While some voters will look askance at electing the first woman president, her mixed race heritage plays well among other groups that are key to any winning Democratic coalition, after signs that black and Latino voters were increasingly turning away from Mr Biden.

Milwaukee County Executive David Crowley said of black voters: “Many of them didn't come along because they were distracted by his age, distracted by his appearance.”

The president called into the staff meeting from his home in Rehoboth Beach, Delaware, where he is recovering from Covid.

“It was the right thing to do. The name has changed at the top of the ticket, but the mission hasn’t changed at all,” Mr Biden said in his first public remarks since Sunday, promising he was “not going anywhere” and plans to campaign on his deputy’s behalf.

But Mr Trump’s running mate JD Vance demanded that the Cabinet invoke the 25th amendment to the Constitution and force Mr Biden from office, rather than letting him serve until the next president is inaugurated in January.

The Ohio senator told supporters in Virginia: "Can anybody just admit that if Joe Biden is not fit to run for president, he ain't fit to serve as president of the United States either?

“And if Kamala Harris is too blind or too corrupt to admit to the American people that Joe Biden should have never been in there, she's not fit to serve, either.

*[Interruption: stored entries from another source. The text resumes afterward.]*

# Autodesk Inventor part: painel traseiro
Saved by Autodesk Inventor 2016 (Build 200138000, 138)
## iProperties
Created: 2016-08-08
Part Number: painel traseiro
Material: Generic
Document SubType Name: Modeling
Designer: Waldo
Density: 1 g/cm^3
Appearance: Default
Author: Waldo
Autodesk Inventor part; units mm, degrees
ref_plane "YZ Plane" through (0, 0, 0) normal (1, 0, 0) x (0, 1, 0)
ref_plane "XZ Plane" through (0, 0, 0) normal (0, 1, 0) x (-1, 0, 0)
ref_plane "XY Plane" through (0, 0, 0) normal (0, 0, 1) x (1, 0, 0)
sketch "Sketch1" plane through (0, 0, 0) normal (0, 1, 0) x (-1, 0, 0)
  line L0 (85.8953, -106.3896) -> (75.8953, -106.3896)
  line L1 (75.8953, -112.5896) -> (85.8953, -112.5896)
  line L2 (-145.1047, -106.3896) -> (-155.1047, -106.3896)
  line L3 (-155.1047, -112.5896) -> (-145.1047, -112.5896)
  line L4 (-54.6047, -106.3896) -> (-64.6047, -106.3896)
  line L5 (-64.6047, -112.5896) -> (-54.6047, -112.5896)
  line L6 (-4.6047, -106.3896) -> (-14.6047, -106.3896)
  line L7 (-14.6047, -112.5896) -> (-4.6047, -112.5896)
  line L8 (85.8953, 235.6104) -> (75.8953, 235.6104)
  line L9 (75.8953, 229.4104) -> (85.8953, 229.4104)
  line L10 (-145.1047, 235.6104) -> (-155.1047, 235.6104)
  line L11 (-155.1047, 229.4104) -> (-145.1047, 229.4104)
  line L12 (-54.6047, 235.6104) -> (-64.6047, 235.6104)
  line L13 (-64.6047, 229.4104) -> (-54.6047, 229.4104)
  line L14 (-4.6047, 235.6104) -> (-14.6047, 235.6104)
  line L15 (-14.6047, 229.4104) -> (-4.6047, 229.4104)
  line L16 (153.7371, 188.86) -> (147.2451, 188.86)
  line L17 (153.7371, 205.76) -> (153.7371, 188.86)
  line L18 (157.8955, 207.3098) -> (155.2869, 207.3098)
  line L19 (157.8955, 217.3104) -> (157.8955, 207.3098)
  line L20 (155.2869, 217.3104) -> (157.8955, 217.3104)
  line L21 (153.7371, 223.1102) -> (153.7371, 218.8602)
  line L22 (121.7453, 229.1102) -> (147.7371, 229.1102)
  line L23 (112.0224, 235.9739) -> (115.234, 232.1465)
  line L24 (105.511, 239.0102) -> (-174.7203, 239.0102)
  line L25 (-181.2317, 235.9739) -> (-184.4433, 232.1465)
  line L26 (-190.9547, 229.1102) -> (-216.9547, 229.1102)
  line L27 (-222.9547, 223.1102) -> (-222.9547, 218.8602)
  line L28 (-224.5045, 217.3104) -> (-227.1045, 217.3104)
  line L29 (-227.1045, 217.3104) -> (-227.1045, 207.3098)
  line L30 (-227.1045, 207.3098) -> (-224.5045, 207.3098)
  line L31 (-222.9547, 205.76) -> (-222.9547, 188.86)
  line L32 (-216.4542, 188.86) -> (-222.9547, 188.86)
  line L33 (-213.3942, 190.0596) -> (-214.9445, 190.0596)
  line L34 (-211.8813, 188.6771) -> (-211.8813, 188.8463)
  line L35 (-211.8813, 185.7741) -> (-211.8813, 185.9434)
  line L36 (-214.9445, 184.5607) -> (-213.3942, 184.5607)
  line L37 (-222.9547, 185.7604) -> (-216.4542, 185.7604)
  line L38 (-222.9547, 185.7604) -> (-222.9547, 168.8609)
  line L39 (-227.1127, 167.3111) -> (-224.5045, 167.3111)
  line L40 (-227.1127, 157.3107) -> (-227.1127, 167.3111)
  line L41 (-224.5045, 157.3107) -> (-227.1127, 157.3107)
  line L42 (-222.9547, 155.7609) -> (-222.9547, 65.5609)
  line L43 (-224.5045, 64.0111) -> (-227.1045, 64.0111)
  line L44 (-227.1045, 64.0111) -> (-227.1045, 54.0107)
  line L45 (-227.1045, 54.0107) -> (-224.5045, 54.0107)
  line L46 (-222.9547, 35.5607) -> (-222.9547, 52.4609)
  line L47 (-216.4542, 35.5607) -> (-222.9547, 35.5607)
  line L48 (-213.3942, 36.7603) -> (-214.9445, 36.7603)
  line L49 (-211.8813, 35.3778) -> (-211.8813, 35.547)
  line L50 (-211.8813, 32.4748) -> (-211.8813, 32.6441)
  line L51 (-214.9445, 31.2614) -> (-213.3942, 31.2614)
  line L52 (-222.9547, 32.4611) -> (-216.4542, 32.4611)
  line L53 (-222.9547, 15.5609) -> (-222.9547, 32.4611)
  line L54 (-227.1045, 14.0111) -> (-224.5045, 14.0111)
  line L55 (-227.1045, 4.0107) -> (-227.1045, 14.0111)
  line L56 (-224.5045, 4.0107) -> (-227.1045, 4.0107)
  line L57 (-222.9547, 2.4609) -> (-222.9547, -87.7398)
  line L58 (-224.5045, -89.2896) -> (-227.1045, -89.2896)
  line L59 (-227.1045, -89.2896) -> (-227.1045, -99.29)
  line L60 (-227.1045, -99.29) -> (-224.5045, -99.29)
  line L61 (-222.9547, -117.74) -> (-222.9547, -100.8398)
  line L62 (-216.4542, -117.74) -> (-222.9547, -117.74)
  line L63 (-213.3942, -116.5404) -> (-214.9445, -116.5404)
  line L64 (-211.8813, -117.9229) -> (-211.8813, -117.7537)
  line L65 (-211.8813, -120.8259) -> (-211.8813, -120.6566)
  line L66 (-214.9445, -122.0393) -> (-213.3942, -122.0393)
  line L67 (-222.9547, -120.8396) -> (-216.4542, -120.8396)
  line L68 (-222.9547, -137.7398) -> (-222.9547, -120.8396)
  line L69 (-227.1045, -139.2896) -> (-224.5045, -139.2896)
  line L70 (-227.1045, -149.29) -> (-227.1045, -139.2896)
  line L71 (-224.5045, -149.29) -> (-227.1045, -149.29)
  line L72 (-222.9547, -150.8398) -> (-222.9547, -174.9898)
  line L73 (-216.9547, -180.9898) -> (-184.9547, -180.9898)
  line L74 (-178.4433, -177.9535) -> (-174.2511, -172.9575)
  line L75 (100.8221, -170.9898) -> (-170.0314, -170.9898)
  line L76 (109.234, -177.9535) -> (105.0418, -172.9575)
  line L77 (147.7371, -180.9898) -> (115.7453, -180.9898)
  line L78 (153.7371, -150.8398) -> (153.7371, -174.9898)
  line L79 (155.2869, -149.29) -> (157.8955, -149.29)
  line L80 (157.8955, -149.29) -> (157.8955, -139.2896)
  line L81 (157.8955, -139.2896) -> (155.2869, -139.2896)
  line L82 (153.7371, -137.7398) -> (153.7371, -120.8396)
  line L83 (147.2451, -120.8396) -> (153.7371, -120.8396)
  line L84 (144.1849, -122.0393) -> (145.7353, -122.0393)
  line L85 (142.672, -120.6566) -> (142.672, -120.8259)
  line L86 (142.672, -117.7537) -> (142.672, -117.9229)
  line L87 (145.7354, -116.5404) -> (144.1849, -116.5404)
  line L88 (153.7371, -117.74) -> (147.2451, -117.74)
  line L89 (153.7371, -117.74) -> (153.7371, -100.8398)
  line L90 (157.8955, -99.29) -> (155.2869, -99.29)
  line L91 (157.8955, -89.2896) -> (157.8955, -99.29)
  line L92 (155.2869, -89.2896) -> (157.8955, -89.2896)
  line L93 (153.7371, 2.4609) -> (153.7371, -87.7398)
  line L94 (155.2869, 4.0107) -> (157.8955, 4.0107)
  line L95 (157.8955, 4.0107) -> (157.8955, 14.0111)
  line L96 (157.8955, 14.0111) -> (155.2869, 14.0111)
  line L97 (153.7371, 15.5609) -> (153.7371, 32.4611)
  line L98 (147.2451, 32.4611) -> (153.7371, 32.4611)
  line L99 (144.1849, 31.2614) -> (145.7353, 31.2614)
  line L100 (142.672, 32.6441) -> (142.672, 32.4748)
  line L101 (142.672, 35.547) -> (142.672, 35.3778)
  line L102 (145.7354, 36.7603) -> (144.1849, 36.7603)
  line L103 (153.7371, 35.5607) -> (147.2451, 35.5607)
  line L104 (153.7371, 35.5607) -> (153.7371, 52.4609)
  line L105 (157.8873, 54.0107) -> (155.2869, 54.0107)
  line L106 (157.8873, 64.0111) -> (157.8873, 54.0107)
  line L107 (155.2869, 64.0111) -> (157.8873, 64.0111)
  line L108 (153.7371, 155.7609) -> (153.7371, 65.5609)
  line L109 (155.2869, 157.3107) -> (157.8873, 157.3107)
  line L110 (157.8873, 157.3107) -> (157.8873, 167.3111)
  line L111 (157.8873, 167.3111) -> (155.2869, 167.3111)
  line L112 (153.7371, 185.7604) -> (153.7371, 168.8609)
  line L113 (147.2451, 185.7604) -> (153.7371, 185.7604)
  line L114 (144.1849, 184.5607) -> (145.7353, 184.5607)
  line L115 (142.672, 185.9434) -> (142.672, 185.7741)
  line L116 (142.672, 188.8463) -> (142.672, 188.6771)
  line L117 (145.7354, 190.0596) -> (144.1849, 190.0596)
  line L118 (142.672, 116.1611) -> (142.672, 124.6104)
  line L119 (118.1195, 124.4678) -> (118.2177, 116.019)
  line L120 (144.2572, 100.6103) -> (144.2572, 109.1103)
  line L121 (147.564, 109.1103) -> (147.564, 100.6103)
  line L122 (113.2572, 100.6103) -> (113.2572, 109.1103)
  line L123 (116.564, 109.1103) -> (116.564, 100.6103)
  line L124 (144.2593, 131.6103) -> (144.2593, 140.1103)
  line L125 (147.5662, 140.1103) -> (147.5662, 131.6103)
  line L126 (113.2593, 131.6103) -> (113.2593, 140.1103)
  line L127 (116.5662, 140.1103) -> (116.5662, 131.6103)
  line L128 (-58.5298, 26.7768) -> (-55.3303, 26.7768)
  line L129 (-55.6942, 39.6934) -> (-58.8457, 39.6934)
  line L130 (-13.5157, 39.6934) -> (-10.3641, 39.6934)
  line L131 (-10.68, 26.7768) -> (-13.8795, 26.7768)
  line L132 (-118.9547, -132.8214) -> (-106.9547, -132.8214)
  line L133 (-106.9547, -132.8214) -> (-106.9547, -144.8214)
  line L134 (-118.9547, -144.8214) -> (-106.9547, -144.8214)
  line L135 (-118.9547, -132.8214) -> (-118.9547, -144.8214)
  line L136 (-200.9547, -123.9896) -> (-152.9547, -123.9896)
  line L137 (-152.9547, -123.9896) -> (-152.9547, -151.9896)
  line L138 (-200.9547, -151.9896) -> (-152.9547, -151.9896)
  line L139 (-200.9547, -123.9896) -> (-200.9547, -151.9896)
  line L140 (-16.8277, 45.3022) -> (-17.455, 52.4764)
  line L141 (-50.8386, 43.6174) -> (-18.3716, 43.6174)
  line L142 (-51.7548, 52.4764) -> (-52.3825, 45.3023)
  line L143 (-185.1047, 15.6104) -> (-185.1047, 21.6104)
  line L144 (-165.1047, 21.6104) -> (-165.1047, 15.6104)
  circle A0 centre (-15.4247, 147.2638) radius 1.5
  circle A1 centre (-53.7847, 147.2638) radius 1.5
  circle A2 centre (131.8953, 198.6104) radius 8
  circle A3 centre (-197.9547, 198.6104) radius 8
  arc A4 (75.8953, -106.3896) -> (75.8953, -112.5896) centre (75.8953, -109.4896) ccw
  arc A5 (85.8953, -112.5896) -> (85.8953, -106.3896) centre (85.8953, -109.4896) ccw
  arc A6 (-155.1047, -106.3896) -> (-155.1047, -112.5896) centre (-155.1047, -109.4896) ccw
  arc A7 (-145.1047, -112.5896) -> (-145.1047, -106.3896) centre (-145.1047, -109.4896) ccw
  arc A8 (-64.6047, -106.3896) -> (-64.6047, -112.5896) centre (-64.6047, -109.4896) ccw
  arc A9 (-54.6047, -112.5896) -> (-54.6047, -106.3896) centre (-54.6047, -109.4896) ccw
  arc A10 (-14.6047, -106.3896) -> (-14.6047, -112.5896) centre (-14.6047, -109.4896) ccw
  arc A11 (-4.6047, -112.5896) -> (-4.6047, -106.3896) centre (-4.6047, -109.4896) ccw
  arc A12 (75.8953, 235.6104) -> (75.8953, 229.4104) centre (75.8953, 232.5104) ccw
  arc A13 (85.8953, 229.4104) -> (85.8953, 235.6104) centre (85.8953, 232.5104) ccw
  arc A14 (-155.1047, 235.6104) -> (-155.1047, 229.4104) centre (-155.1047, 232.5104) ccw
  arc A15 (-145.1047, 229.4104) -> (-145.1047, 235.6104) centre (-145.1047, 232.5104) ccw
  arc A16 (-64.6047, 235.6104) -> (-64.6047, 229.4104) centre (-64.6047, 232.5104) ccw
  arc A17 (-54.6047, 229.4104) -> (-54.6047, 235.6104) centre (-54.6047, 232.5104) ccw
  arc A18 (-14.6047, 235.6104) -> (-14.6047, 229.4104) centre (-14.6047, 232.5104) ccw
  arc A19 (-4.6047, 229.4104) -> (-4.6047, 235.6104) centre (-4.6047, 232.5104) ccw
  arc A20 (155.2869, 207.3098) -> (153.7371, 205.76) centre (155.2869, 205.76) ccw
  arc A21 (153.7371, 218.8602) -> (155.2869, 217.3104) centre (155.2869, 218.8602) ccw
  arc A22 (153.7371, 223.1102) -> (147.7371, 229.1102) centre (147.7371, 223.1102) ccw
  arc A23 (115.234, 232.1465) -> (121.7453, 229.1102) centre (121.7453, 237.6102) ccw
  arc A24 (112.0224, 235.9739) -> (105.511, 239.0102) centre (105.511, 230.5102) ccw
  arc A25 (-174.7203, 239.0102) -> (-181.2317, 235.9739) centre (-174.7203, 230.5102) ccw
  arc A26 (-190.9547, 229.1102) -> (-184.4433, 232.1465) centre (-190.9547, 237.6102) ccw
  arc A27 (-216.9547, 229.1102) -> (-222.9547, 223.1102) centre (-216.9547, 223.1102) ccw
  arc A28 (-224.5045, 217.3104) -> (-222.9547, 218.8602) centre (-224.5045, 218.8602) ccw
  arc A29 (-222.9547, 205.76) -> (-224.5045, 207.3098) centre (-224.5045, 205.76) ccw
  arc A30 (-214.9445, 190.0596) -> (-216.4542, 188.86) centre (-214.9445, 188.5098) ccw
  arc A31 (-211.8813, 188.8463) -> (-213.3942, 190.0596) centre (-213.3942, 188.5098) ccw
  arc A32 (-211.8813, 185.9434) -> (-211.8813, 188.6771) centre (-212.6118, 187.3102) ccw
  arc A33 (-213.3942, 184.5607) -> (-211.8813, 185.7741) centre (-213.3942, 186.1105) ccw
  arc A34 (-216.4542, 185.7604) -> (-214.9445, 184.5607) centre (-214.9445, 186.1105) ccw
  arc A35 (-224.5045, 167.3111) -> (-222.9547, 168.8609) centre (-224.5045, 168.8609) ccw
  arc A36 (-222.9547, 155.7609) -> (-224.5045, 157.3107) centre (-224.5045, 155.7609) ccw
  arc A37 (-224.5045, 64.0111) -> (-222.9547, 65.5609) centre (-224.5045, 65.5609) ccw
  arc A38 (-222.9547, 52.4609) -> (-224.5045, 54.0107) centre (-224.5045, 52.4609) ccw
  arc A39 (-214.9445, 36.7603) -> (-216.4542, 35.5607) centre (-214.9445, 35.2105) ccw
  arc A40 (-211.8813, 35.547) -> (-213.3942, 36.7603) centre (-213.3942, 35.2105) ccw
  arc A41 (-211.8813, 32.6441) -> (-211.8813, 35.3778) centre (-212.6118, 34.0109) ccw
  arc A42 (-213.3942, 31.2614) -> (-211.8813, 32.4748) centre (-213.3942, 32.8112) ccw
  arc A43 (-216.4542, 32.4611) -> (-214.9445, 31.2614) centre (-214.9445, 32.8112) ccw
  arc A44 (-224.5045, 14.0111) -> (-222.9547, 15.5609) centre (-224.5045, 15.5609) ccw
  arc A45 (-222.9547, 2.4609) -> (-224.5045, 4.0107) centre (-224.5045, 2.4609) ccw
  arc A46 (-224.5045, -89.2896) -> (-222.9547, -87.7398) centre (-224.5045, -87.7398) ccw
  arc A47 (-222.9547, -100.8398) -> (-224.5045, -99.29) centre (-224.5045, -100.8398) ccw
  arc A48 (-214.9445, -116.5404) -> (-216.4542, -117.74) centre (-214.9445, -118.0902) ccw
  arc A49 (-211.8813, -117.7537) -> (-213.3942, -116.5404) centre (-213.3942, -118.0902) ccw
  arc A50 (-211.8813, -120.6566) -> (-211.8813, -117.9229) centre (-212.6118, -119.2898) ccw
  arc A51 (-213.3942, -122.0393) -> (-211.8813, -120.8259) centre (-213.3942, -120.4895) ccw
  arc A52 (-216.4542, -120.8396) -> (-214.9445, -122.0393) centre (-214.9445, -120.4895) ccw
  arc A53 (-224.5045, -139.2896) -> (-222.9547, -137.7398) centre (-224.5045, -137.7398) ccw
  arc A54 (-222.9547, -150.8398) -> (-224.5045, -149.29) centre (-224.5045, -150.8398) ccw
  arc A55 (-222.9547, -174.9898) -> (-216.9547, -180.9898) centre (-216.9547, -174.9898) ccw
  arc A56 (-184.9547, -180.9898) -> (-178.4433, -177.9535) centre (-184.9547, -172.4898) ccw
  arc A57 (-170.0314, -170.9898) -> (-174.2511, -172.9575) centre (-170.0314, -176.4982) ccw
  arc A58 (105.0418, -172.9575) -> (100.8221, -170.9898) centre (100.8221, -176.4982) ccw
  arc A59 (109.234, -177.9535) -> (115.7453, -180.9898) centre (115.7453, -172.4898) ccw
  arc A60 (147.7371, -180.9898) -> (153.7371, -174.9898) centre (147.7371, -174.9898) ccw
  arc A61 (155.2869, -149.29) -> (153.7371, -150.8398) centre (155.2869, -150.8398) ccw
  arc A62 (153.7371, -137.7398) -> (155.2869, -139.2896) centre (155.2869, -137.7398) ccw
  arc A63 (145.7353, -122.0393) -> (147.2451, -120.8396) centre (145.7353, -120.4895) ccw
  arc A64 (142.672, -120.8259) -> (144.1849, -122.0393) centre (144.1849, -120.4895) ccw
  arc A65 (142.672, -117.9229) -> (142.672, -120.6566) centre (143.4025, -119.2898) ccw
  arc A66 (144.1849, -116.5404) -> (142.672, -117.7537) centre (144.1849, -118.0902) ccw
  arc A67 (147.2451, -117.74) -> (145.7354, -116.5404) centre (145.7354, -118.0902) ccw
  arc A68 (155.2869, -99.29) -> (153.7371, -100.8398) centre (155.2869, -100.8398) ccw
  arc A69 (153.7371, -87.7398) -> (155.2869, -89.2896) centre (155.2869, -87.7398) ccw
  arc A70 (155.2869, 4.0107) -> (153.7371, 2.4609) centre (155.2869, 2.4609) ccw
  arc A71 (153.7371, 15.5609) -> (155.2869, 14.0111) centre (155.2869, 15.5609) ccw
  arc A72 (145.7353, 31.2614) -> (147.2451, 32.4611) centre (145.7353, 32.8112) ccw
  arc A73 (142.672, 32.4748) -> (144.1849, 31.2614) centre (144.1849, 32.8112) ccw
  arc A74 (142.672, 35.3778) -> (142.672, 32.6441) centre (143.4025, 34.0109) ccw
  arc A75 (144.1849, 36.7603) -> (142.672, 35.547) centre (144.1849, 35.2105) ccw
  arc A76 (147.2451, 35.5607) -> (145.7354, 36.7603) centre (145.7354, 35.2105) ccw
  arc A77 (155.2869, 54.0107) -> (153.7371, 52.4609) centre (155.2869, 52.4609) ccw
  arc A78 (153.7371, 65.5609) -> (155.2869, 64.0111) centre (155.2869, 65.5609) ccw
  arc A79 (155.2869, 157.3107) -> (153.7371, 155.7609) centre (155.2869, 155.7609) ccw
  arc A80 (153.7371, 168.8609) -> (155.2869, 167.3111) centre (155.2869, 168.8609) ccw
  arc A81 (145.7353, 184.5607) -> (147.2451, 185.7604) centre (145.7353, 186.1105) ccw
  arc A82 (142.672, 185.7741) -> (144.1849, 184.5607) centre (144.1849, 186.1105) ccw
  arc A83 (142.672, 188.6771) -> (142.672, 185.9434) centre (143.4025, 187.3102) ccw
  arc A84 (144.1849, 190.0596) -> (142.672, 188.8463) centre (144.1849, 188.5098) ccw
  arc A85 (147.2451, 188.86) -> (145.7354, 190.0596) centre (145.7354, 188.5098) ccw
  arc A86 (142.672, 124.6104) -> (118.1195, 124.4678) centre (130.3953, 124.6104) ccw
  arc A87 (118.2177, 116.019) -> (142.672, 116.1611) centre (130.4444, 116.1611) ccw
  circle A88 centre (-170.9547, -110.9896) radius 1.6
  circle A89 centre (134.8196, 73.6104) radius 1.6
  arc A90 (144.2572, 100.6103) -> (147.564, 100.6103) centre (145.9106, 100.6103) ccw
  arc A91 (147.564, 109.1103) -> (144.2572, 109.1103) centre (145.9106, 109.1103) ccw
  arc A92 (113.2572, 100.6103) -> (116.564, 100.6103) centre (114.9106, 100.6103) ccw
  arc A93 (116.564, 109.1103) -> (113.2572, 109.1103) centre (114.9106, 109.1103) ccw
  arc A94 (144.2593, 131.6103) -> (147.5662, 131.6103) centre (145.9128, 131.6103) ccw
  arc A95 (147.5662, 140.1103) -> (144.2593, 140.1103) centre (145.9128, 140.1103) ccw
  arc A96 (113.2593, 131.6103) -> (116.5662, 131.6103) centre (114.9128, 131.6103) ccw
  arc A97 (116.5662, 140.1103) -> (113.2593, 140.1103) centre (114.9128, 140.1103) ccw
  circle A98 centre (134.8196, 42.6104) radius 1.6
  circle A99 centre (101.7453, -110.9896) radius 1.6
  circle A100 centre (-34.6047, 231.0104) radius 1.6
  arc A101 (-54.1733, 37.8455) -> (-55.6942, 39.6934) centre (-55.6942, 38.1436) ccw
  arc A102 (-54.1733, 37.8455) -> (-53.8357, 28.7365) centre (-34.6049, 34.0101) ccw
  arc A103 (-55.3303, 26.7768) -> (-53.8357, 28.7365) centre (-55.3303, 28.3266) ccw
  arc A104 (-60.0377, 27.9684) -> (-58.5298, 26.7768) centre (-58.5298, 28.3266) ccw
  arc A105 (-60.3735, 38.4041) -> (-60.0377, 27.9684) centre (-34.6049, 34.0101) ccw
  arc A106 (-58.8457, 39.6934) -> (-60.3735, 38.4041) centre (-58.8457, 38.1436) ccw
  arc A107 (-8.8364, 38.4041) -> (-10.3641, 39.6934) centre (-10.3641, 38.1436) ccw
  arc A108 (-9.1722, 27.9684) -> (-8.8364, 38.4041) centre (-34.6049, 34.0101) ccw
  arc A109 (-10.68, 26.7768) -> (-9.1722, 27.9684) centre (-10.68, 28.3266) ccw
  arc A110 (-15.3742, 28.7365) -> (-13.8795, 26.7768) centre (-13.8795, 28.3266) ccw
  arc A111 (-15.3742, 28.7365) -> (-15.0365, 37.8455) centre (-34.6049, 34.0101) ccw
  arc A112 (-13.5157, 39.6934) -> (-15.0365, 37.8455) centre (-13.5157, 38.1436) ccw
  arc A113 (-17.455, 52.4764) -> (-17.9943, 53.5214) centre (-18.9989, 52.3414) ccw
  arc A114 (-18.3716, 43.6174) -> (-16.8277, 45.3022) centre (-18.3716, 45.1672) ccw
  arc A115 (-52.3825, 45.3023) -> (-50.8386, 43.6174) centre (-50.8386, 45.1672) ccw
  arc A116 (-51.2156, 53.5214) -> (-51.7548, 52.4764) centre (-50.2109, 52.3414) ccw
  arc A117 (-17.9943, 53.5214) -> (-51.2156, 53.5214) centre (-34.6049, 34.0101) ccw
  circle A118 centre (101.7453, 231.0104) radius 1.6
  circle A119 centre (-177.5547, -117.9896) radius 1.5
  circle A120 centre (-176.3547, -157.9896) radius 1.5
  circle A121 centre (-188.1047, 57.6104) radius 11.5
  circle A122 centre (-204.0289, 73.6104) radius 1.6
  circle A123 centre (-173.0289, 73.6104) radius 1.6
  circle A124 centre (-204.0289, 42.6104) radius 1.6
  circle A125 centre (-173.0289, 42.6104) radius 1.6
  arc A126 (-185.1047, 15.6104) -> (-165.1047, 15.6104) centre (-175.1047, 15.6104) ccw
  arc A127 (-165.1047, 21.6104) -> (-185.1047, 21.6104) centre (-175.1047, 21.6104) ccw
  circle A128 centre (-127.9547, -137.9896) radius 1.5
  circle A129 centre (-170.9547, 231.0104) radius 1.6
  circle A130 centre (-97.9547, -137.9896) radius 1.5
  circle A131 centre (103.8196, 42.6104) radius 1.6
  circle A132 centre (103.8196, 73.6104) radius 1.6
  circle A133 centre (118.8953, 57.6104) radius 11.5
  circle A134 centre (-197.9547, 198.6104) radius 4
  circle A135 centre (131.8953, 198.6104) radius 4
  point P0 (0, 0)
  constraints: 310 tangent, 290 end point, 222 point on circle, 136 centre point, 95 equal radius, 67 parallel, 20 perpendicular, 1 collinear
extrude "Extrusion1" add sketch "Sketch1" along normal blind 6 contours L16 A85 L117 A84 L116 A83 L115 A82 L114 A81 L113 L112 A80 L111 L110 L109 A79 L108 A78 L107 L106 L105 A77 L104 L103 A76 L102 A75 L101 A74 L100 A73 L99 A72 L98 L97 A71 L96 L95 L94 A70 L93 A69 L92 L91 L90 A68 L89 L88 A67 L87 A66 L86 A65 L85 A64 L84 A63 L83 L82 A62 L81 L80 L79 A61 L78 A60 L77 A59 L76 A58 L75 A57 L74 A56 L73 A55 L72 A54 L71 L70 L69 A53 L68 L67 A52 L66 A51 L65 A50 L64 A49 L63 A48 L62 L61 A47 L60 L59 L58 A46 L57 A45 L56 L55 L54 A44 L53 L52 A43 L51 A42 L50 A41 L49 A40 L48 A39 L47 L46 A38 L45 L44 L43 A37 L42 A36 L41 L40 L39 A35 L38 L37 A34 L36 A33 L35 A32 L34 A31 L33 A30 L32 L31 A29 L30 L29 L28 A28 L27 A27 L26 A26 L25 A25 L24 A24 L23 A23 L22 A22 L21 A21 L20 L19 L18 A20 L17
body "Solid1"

We got to get them both out of there."

Replacing Mr Biden as the 2024 nominee has also intensified speculation about who might join Ms Harris as a vice presidential candidate.

The shortlist of people being discussed is said to include Kentucky Governor Andy Beshear, US Transportation Secretary Pete Buttigieg, North Carolina Governor Roy Cooper, Arizona Senator Mark Kelly, Pennsylvania Governor Josh Shapiro, Illinois Governor JB Pritzker, and Michigan Governor Gretchen Whitmer.